*** Opening of GIVEN ENTRIES ***

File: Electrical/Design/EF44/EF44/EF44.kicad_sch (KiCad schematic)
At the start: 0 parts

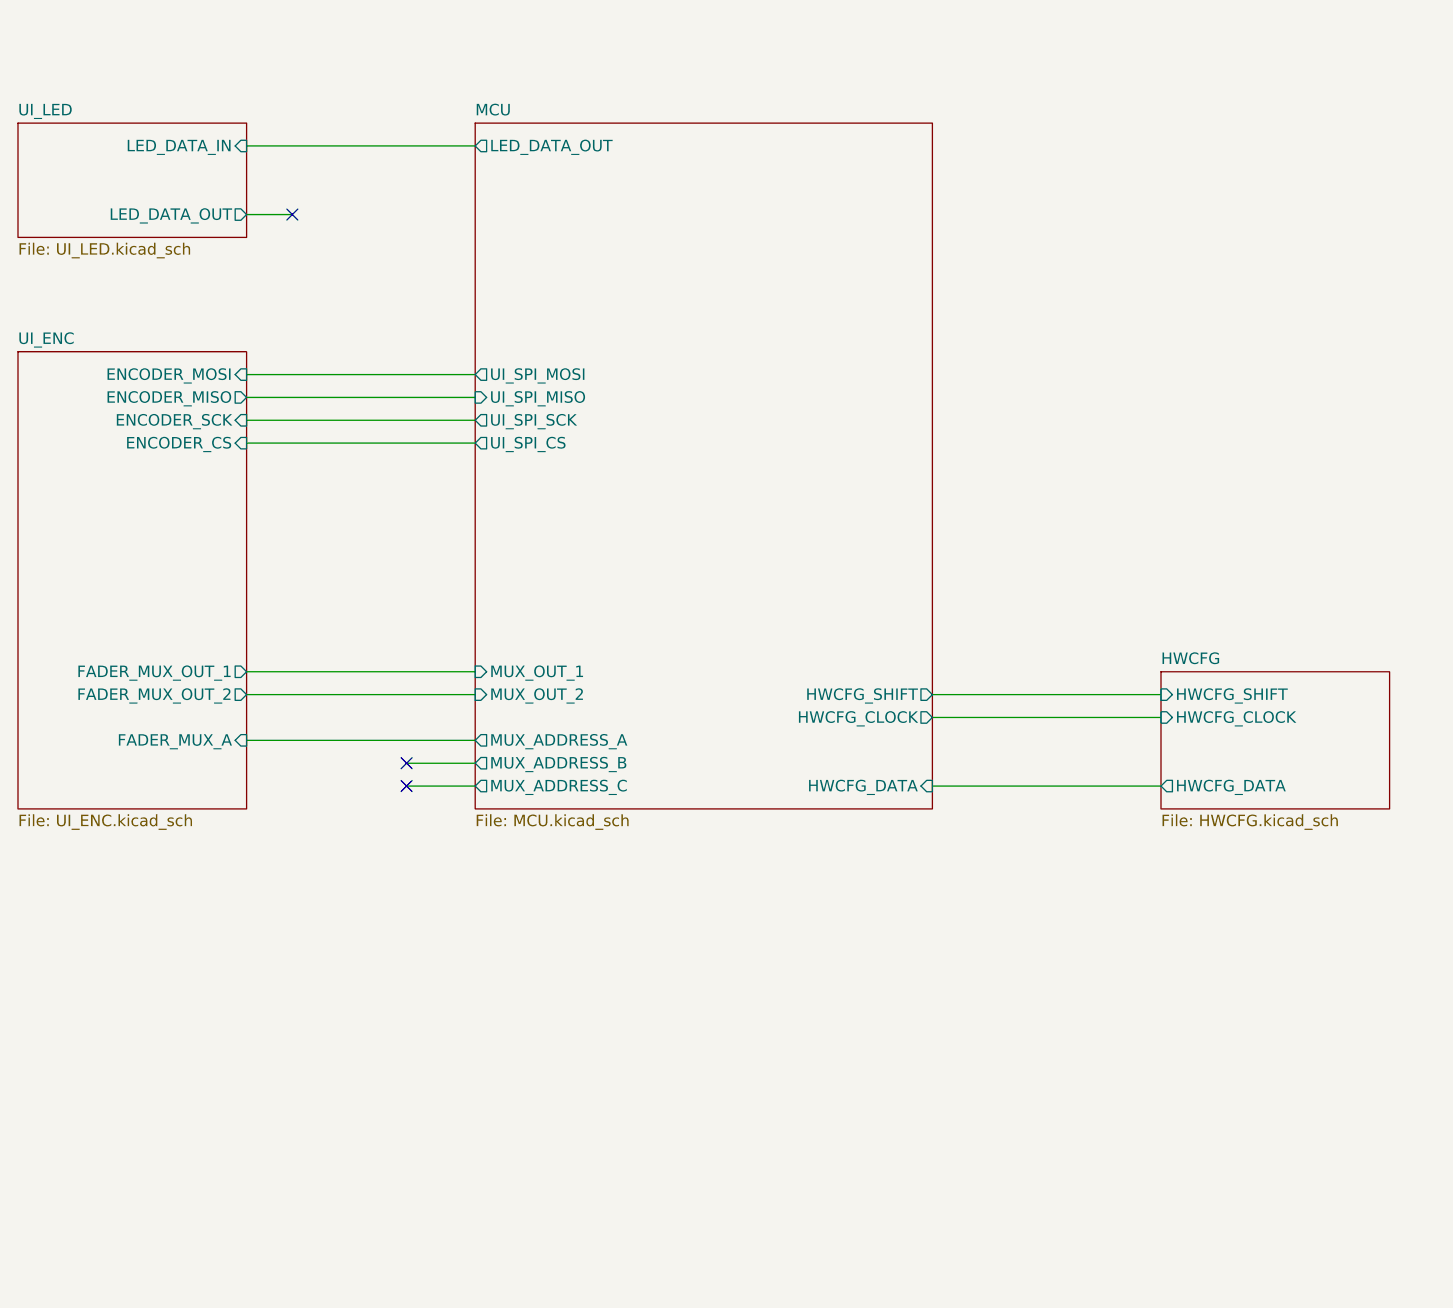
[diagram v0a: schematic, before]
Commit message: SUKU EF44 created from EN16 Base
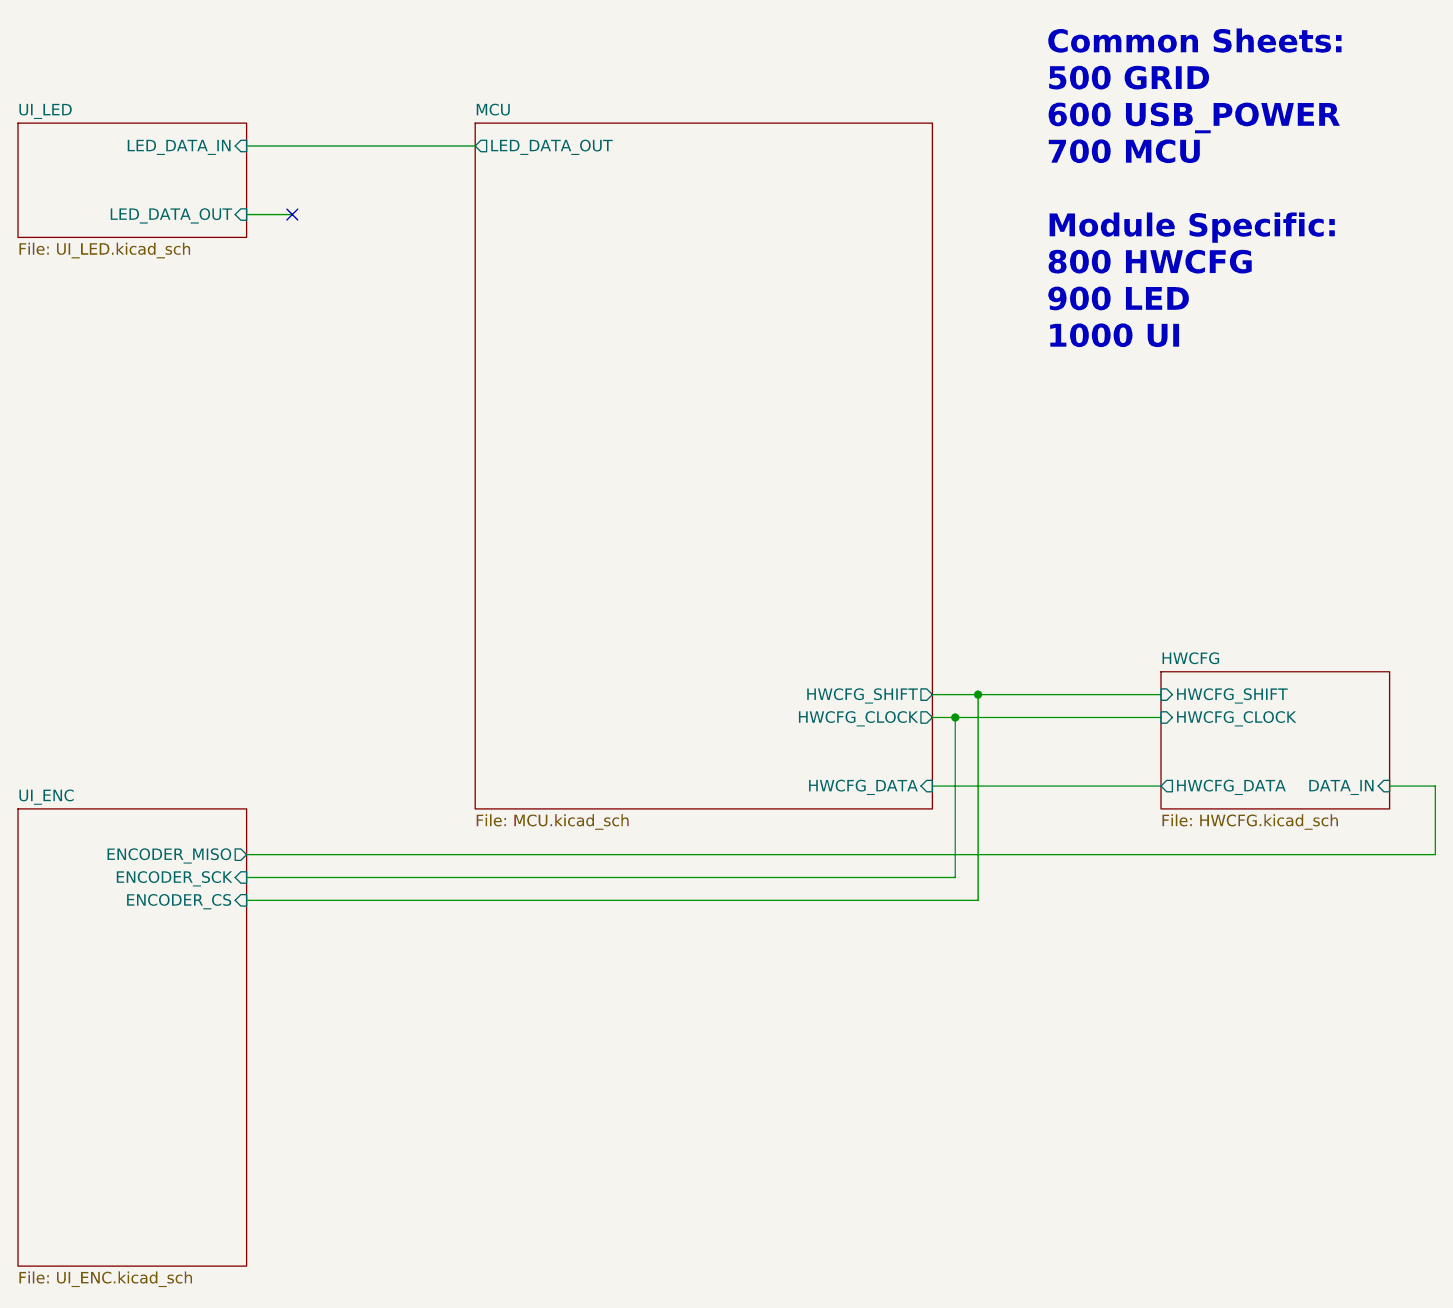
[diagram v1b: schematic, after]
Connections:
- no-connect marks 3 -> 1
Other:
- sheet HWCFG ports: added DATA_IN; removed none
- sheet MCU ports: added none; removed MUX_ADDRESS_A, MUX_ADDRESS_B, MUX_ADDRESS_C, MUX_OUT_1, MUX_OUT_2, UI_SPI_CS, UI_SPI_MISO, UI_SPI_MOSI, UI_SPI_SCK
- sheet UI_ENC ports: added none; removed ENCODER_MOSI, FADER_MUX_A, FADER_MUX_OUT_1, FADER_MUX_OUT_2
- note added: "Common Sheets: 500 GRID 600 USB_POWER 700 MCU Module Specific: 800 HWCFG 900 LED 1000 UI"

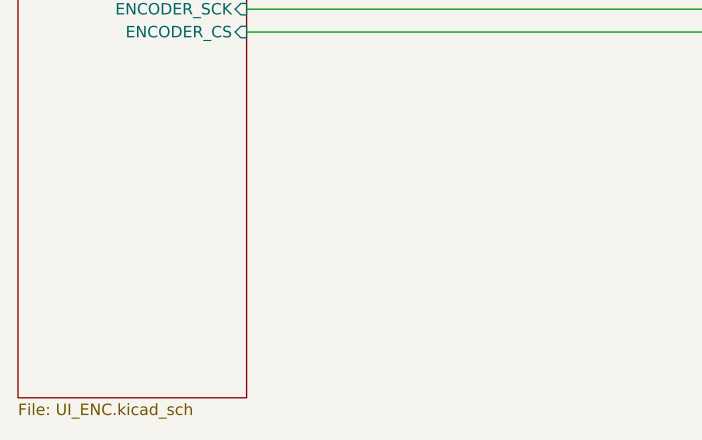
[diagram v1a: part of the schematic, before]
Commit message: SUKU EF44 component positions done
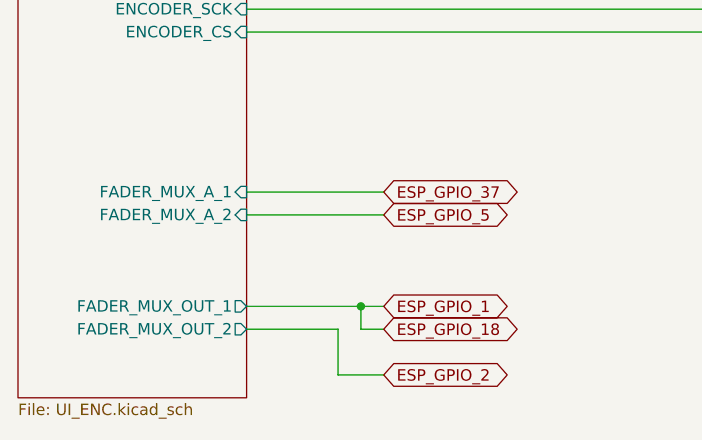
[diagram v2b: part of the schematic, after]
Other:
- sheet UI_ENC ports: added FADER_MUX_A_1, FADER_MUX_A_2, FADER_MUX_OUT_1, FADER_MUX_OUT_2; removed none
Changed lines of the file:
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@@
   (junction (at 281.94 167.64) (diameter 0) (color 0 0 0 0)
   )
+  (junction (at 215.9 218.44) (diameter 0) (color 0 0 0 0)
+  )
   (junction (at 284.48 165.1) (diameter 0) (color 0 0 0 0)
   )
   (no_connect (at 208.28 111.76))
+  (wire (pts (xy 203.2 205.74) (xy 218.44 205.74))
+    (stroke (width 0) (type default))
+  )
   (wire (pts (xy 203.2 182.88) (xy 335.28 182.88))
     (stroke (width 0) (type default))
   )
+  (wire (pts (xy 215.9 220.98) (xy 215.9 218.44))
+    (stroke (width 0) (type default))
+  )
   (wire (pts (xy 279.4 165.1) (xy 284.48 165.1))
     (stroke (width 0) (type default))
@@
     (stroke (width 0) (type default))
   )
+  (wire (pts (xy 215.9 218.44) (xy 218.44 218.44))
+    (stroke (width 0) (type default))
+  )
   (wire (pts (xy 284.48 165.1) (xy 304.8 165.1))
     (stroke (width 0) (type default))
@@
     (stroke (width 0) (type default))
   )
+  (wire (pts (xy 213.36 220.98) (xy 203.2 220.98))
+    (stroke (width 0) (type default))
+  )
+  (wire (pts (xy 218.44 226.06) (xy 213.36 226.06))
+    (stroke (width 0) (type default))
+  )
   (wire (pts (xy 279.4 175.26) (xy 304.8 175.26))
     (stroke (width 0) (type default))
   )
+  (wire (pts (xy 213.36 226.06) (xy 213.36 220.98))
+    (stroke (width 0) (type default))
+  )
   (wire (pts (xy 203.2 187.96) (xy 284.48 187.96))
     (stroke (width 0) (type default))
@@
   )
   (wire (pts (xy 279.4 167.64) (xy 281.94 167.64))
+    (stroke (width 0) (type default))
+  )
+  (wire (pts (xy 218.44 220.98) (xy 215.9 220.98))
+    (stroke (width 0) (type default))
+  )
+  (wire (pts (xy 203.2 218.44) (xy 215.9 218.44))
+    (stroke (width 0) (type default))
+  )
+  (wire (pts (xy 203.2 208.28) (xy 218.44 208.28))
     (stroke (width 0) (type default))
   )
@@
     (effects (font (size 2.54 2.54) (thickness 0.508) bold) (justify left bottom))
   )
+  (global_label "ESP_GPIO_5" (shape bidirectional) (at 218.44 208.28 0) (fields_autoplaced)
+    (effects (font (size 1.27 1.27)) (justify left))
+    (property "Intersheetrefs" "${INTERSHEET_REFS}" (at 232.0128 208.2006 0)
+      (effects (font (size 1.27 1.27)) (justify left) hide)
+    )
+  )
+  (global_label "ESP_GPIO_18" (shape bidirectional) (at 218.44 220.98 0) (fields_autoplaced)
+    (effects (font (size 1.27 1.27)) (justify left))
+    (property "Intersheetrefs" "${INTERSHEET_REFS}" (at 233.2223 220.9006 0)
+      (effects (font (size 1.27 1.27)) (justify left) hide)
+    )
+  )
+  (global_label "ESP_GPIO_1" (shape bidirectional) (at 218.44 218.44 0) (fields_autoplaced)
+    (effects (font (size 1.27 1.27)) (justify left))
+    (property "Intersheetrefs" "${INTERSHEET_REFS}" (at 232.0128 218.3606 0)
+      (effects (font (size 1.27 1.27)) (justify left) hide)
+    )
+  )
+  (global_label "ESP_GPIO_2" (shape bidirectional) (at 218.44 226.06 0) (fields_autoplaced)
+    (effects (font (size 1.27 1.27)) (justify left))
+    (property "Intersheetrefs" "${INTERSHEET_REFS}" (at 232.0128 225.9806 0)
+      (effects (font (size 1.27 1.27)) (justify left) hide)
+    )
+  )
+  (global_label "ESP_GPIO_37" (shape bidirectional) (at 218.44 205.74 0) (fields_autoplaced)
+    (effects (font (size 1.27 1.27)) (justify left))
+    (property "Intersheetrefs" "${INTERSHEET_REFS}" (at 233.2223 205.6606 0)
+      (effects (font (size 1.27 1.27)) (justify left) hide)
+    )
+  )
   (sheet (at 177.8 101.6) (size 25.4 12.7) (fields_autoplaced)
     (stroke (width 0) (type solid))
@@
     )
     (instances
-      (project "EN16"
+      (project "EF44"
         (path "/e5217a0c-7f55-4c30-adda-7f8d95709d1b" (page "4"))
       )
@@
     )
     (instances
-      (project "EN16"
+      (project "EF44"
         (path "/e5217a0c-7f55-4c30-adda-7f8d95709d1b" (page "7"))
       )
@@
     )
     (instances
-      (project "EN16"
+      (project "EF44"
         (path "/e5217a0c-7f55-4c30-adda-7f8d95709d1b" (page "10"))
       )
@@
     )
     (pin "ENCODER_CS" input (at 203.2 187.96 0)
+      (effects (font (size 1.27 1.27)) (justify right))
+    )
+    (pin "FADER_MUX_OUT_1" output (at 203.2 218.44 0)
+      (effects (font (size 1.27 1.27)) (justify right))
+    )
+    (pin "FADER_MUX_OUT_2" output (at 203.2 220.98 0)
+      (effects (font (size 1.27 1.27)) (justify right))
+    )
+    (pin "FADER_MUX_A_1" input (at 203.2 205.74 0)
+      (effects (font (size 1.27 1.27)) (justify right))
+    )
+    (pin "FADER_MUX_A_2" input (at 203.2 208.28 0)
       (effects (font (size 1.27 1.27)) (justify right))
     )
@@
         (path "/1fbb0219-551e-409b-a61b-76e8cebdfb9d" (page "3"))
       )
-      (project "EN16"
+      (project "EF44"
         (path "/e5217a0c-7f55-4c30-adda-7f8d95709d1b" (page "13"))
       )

*** Close of GIVEN ENTRIES ***

*YOUR ASSIGNMENT*
Once the pictures are set aside, repeat each entry exactly as it stands.

*RESULT OF THE TASK*
File: Electrical/Design/EF44/EF44/EF44.kicad_sch (KiCad schematic)
At the start: 0 parts

[diagram v0a: schematic, before]
Commit message: SUKU EF44 created from EN16 Base
[diagram v1b: schematic, after]
Connections:
- no-connect marks 3 -> 1
Other:
- sheet HWCFG ports: added DATA_IN; removed none
- sheet MCU ports: added none; removed MUX_ADDRESS_A, MUX_ADDRESS_B, MUX_ADDRESS_C, MUX_OUT_1, MUX_OUT_2, UI_SPI_CS, UI_SPI_MISO, UI_SPI_MOSI, UI_SPI_SCK
- sheet UI_ENC ports: added none; removed ENCODER_MOSI, FADER_MUX_A, FADER_MUX_OUT_1, FADER_MUX_OUT_2
- note added: "Common Sheets: 500 GRID 600 USB_POWER 700 MCU Module Specific: 800 HWCFG 900 LED 1000 UI"

[diagram v1a: part of the schematic, before]
Commit message: SUKU EF44 component positions done
[diagram v2b: part of the schematic, after]
Other:
- sheet UI_ENC ports: added FADER_MUX_A_1, FADER_MUX_A_2, FADER_MUX_OUT_1, FADER_MUX_OUT_2; removed none
Changed lines of the file:
@@
   (junction (at 281.94 167.64) (diameter 0) (color 0 0 0 0)
   )
+  (junction (at 215.9 218.44) (diameter 0) (color 0 0 0 0)
+  )
   (junction (at 284.48 165.1) (diameter 0) (color 0 0 0 0)
   )
   (no_connect (at 208.28 111.76))
+  (wire (pts (xy 203.2 205.74) (xy 218.44 205.74))
+    (stroke (width 0) (type default))
+  )
   (wire (pts (xy 203.2 182.88) (xy 335.28 182.88))
     (stroke (width 0) (type default))
   )
+  (wire (pts (xy 215.9 220.98) (xy 215.9 218.44))
+    (stroke (width 0) (type default))
+  )
   (wire (pts (xy 279.4 165.1) (xy 284.48 165.1))
     (stroke (width 0) (type default))
@@
     (stroke (width 0) (type default))
   )
+  (wire (pts (xy 215.9 218.44) (xy 218.44 218.44))
+    (stroke (width 0) (type default))
+  )
   (wire (pts (xy 284.48 165.1) (xy 304.8 165.1))
     (stroke (width 0) (type default))
@@
     (stroke (width 0) (type default))
   )
+  (wire (pts (xy 213.36 220.98) (xy 203.2 220.98))
+    (stroke (width 0) (type default))
+  )
+  (wire (pts (xy 218.44 226.06) (xy 213.36 226.06))
+    (stroke (width 0) (type default))
+  )
   (wire (pts (xy 279.4 175.26) (xy 304.8 175.26))
     (stroke (width 0) (type default))
   )
+  (wire (pts (xy 213.36 226.06) (xy 213.36 220.98))
+    (stroke (width 0) (type default))
+  )
   (wire (pts (xy 203.2 187.96) (xy 284.48 187.96))
     (stroke (width 0) (type default))
@@
   )
   (wire (pts (xy 279.4 167.64) (xy 281.94 167.64))
+    (stroke (width 0) (type default))
+  )
+  (wire (pts (xy 218.44 220.98) (xy 215.9 220.98))
+    (stroke (width 0) (type default))
+  )
+  (wire (pts (xy 203.2 218.44) (xy 215.9 218.44))
+    (stroke (width 0) (type default))
+  )
+  (wire (pts (xy 203.2 208.28) (xy 218.44 208.28))
     (stroke (width 0) (type default))
   )
@@
     (effects (font (size 2.54 2.54) (thickness 0.508) bold) (justify left bottom))
   )
+  (global_label "ESP_GPIO_5" (shape bidirectional) (at 218.44 208.28 0) (fields_autoplaced)
+    (effects (font (size 1.27 1.27)) (justify left))
+    (property "Intersheetrefs" "${INTERSHEET_REFS}" (at 232.0128 208.2006 0)
+      (effects (font (size 1.27 1.27)) (justify left) hide)
+    )
+  )
+  (global_label "ESP_GPIO_18" (shape bidirectional) (at 218.44 220.98 0) (fields_autoplaced)
+    (effects (font (size 1.27 1.27)) (justify left))
+    (property "Intersheetrefs" "${INTERSHEET_REFS}" (at 233.2223 220.9006 0)
+      (effects (font (size 1.27 1.27)) (justify left) hide)
+    )
+  )
+  (global_label "ESP_GPIO_1" (shape bidirectional) (at 218.44 218.44 0) (fields_autoplaced)
+    (effects (font (size 1.27 1.27)) (justify left))
+    (property "Intersheetrefs" "${INTERSHEET_REFS}" (at 232.0128 218.3606 0)
+      (effects (font (size 1.27 1.27)) (justify left) hide)
+    )
+  )
+  (global_label "ESP_GPIO_2" (shape bidirectional) (at 218.44 226.06 0) (fields_autoplaced)
+    (effects (font (size 1.27 1.27)) (justify left))
+    (property "Intersheetrefs" "${INTERSHEET_REFS}" (at 232.0128 225.9806 0)
+      (effects (font (size 1.27 1.27)) (justify left) hide)
+    )
+  )
+  (global_label "ESP_GPIO_37" (shape bidirectional) (at 218.44 205.74 0) (fields_autoplaced)
+    (effects (font (size 1.27 1.27)) (justify left))
+    (property "Intersheetrefs" "${INTERSHEET_REFS}" (at 233.2223 205.6606 0)
+      (effects (font (size 1.27 1.27)) (justify left) hide)
+    )
+  )
   (sheet (at 177.8 101.6) (size 25.4 12.7) (fields_autoplaced)
     (stroke (width 0) (type solid))
@@
     )
     (instances
-      (project "EN16"
+      (project "EF44"
         (path "/e5217a0c-7f55-4c30-adda-7f8d95709d1b" (page "4"))
       )
@@
     )
     (instances
-      (project "EN16"
+      (project "EF44"
         (path "/e5217a0c-7f55-4c30-adda-7f8d95709d1b" (page "7"))
       )
@@
     )
     (instances
-      (project "EN16"
+      (project "EF44"
         (path "/e5217a0c-7f55-4c30-adda-7f8d95709d1b" (page "10"))
       )
@@
     )
     (pin "ENCODER_CS" input (at 203.2 187.96 0)
+      (effects (font (size 1.27 1.27)) (justify right))
+    )
+    (pin "FADER_MUX_OUT_1" output (at 203.2 218.44 0)
+      (effects (font (size 1.27 1.27)) (justify right))
+    )
+    (pin "FADER_MUX_OUT_2" output (at 203.2 220.98 0)
+      (effects (font (size 1.27 1.27)) (justify right))
+    )
+    (pin "FADER_MUX_A_1" input (at 203.2 205.74 0)
+      (effects (font (size 1.27 1.27)) (justify right))
+    )
+    (pin "FADER_MUX_A_2" input (at 203.2 208.28 0)
       (effects (font (size 1.27 1.27)) (justify right))
     )
@@
         (path "/1fbb0219-551e-409b-a61b-76e8cebdfb9d" (page "3"))
       )
-      (project "EN16"
+      (project "EF44"
         (path "/e5217a0c-7f55-4c30-adda-7f8d95709d1b" (page "13"))
       )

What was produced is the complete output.